What follows is Irving Wolfe's column, Commentary, from the most
recent issue of _Solid Value._
Permission to distribute it via Usenet is hereby granted.
Because Solid Value's heart is its tables of Best Buys and
former-Buy followups, this free distribution of Irving Wolfe's
Commentary should be interesting to some Usenet readers without
making subscriptions less valuable to those who actually invest in
stocks for profit.
=====
If Solid Value/tm/ and my own investing for I. S. Wolfe & Partners
share one weakness -- despite the overall strength that allowed
Solid Value's Best Buys to rise 31% on average while the Dow was
rising 23% and the Value Line, just 13% -- that shortcoming has
been our willingness to invest in electronic-technology companies.
In a field where entire product lines become obsolete in five
years, even the largest companies, like IBM and Digital Equipment,
have found it all too easy to lose their footing and fall.
Smaller, single-market firms are still riskier. Even leadership in
a particular technology does not make a company immune to inroads
by related technology. For example, Telebit's former dominance in
high-speed, high-reliability modems for computer-to-computer
communication did not protect it from incursions by other
manufacturers, once the industry had agreed on a standard that was
reasonably competitive with Telebit's proprietary offering.

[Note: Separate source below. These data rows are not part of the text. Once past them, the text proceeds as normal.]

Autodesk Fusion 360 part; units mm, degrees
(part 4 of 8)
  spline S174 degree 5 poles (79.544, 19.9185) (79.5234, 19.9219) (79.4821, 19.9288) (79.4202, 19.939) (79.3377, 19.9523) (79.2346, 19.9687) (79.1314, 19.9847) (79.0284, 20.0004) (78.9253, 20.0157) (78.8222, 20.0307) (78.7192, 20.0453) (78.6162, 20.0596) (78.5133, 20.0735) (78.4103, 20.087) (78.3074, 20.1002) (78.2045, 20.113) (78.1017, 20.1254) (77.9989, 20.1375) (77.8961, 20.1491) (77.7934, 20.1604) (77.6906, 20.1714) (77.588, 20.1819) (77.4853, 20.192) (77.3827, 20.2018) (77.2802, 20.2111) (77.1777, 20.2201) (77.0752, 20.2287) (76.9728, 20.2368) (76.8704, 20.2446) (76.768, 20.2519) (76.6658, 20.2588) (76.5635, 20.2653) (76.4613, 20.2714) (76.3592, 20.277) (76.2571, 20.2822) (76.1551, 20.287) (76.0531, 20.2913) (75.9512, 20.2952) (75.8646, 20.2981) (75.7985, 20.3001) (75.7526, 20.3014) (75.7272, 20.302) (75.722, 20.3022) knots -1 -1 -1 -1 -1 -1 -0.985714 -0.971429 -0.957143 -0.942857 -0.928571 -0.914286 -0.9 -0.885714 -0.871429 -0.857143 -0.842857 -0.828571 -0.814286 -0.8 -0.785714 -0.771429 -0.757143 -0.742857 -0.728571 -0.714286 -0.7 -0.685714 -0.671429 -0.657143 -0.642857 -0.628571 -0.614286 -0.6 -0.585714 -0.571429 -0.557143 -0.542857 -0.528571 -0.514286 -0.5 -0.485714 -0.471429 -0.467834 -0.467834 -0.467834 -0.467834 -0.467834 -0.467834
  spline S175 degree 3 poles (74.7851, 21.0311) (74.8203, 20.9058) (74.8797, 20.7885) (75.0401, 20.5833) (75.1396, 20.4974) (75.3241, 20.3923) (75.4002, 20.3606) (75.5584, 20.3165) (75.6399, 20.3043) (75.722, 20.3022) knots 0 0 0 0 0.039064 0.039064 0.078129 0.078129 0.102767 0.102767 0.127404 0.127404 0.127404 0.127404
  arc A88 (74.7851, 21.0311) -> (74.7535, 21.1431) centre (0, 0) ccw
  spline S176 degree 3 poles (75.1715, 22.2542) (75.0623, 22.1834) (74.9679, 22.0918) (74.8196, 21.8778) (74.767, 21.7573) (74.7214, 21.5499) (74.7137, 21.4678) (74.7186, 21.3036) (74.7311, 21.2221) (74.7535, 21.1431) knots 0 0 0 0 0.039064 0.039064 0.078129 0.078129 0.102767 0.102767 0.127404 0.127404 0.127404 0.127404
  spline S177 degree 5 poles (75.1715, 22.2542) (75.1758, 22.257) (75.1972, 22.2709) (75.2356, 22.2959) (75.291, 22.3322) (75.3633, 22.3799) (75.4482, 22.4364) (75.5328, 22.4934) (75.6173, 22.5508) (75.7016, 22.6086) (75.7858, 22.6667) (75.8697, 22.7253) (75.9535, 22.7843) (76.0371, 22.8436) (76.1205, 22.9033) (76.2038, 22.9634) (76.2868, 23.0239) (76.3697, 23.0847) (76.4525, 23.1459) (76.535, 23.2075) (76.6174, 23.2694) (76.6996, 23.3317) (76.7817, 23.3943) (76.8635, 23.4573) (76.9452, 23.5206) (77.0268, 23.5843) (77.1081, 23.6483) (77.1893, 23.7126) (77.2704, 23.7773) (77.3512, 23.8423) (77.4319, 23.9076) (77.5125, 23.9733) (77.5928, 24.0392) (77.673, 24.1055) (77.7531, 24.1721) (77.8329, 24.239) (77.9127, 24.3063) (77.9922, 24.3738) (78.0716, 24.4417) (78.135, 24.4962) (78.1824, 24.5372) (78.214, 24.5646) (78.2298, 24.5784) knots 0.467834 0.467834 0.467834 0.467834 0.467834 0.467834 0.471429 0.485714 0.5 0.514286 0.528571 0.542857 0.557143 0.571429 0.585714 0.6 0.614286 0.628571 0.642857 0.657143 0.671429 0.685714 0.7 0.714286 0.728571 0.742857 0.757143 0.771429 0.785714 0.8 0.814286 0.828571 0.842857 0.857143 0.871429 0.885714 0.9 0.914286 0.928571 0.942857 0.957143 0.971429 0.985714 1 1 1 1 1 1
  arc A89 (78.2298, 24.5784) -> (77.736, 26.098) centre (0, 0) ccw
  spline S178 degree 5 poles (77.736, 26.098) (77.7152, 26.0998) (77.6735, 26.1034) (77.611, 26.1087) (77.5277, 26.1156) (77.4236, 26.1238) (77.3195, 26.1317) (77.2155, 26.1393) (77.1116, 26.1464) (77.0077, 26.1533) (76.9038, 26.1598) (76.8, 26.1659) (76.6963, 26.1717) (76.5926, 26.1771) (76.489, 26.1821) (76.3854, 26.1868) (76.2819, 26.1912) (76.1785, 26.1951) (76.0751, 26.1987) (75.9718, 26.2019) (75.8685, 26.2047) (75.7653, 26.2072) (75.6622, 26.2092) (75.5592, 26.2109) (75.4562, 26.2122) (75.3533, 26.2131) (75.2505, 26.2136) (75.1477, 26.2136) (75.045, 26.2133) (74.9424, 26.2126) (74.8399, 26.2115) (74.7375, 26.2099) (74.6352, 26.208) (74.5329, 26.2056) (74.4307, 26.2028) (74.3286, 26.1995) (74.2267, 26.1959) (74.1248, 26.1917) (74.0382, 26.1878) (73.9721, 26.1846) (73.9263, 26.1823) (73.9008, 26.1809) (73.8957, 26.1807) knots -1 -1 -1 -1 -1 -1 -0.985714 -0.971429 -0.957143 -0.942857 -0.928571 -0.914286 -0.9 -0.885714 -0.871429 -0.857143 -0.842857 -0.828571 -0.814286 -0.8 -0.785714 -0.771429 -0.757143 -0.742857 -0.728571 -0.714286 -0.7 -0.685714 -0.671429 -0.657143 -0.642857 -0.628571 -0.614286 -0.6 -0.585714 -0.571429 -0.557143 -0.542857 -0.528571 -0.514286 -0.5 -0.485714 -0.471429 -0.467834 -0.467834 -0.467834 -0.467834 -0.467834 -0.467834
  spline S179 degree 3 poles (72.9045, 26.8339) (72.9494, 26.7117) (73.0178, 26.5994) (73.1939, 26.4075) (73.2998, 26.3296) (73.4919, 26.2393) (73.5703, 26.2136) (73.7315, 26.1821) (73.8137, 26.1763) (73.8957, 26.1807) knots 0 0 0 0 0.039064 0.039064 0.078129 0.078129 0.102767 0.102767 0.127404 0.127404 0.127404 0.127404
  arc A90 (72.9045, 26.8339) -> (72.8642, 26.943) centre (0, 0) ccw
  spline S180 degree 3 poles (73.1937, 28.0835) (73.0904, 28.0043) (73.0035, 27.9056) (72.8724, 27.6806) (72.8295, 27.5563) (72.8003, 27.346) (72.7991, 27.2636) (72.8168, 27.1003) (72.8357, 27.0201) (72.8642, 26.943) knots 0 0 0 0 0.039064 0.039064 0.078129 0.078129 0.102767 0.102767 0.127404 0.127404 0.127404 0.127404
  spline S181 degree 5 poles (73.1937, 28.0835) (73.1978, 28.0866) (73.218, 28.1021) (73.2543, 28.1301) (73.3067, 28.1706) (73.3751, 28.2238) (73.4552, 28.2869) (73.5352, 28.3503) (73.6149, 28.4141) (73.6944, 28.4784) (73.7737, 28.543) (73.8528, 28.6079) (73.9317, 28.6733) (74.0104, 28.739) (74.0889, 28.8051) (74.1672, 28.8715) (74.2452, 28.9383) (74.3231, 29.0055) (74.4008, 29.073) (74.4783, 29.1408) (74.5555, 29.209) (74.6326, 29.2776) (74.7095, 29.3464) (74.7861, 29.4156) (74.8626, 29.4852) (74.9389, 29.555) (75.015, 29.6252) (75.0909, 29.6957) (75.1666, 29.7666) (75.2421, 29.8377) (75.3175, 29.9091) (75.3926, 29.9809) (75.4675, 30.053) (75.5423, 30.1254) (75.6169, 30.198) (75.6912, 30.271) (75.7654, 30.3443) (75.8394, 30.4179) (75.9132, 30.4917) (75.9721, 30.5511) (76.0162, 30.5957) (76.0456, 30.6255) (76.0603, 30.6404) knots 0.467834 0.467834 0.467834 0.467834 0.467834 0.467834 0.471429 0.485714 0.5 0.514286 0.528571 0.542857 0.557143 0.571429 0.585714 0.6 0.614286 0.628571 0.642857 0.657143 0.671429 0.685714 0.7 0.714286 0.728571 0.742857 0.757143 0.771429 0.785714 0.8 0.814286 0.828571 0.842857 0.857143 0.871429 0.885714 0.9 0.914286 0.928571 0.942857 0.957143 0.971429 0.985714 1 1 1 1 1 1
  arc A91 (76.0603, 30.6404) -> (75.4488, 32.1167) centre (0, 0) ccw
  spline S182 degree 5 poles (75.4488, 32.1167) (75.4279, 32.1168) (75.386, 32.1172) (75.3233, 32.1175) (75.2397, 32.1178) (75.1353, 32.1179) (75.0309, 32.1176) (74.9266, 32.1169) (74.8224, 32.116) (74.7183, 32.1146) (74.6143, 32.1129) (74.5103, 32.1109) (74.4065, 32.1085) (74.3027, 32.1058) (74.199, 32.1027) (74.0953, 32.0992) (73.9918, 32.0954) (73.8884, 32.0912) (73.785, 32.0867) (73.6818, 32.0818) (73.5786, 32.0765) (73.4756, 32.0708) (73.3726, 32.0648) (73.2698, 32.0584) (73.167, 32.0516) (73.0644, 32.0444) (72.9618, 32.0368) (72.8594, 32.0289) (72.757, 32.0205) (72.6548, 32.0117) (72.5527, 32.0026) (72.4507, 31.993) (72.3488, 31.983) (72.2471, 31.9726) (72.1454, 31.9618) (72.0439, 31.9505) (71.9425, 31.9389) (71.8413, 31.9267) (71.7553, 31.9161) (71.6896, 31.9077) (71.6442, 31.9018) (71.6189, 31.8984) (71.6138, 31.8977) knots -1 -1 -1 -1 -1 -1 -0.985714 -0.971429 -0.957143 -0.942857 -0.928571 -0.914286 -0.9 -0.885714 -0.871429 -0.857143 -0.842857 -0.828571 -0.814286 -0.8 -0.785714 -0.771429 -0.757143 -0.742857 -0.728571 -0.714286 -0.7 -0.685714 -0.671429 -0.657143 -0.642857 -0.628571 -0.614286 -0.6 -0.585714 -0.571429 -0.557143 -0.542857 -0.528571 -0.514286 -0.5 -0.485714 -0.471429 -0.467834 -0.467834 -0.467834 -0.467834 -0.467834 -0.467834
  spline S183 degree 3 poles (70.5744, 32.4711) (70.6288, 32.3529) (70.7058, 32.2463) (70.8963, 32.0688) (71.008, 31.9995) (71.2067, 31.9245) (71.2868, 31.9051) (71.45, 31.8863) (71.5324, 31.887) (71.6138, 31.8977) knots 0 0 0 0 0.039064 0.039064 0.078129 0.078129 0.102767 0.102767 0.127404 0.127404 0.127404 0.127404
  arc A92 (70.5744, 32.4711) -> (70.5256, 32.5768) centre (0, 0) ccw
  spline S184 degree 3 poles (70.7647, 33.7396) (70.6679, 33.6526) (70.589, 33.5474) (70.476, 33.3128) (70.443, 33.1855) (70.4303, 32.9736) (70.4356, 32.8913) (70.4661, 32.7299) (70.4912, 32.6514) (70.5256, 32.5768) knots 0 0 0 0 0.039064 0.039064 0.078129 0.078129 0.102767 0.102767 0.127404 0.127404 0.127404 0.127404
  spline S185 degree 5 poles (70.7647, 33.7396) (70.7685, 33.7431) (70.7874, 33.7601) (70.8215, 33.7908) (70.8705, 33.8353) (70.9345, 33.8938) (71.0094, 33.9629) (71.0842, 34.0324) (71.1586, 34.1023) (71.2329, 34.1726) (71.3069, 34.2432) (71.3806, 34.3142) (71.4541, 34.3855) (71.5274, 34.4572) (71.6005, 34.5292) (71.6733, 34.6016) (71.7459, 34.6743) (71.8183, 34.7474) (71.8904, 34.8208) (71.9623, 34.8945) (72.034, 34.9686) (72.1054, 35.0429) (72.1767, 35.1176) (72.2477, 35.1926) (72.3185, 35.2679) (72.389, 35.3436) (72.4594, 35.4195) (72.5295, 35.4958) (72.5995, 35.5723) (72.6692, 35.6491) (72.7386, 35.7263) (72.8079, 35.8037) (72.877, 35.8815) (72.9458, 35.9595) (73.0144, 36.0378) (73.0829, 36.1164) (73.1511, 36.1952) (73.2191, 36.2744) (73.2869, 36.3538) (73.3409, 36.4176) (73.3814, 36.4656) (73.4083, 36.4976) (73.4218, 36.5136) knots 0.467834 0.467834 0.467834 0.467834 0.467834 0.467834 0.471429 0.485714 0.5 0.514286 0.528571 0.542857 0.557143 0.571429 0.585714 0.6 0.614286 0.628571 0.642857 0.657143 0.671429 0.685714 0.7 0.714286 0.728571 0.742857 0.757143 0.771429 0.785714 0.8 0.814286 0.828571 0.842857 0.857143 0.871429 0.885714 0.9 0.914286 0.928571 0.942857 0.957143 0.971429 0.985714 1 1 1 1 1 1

Perhaps we are past the time when two kids working in a garage can
bring revolutionary change to this industry, but perhaps not. In
either case, small but well financed new companies, often run by
men who know more about their chosen field than anyone else on
earth and who possess ambitions as high as their IQs, are regularly
formed to capture markets from the existing leaders with
cost-saving and attractive innovations.
Since owning shares is owning a company and, hence, being in a
business, we must ask ourselves whether it really makes sense to
choose a business with such capable competition and such a fast
pace. Would we not be better off investing in grocery stores,
telephone companies, shoe manufacturers, or even automobile makers,
where the competition is just ordinary people and we can count on
continuing demand for the products that already exist, well into
the future?
A number of extremely capable, value-oriented investors have
concluded that the answer to that question is, "Yes!" They avoid
high-technology (and especially electronics) like the plague, no
matter how good the values look. They may be right, and Solid
Value's policy of reducing the valuation of these companies to
compensate for the uncertainties, but to go ahead and buy them when
they appear cheap enough, may be less than ideal. For if these
companies' futures are so nearly chimerical, perhaps they defy and
invalidate most forms of analysis, particularly ours, with its firm
base in past results.
For the present, I am making no change in our investment policies.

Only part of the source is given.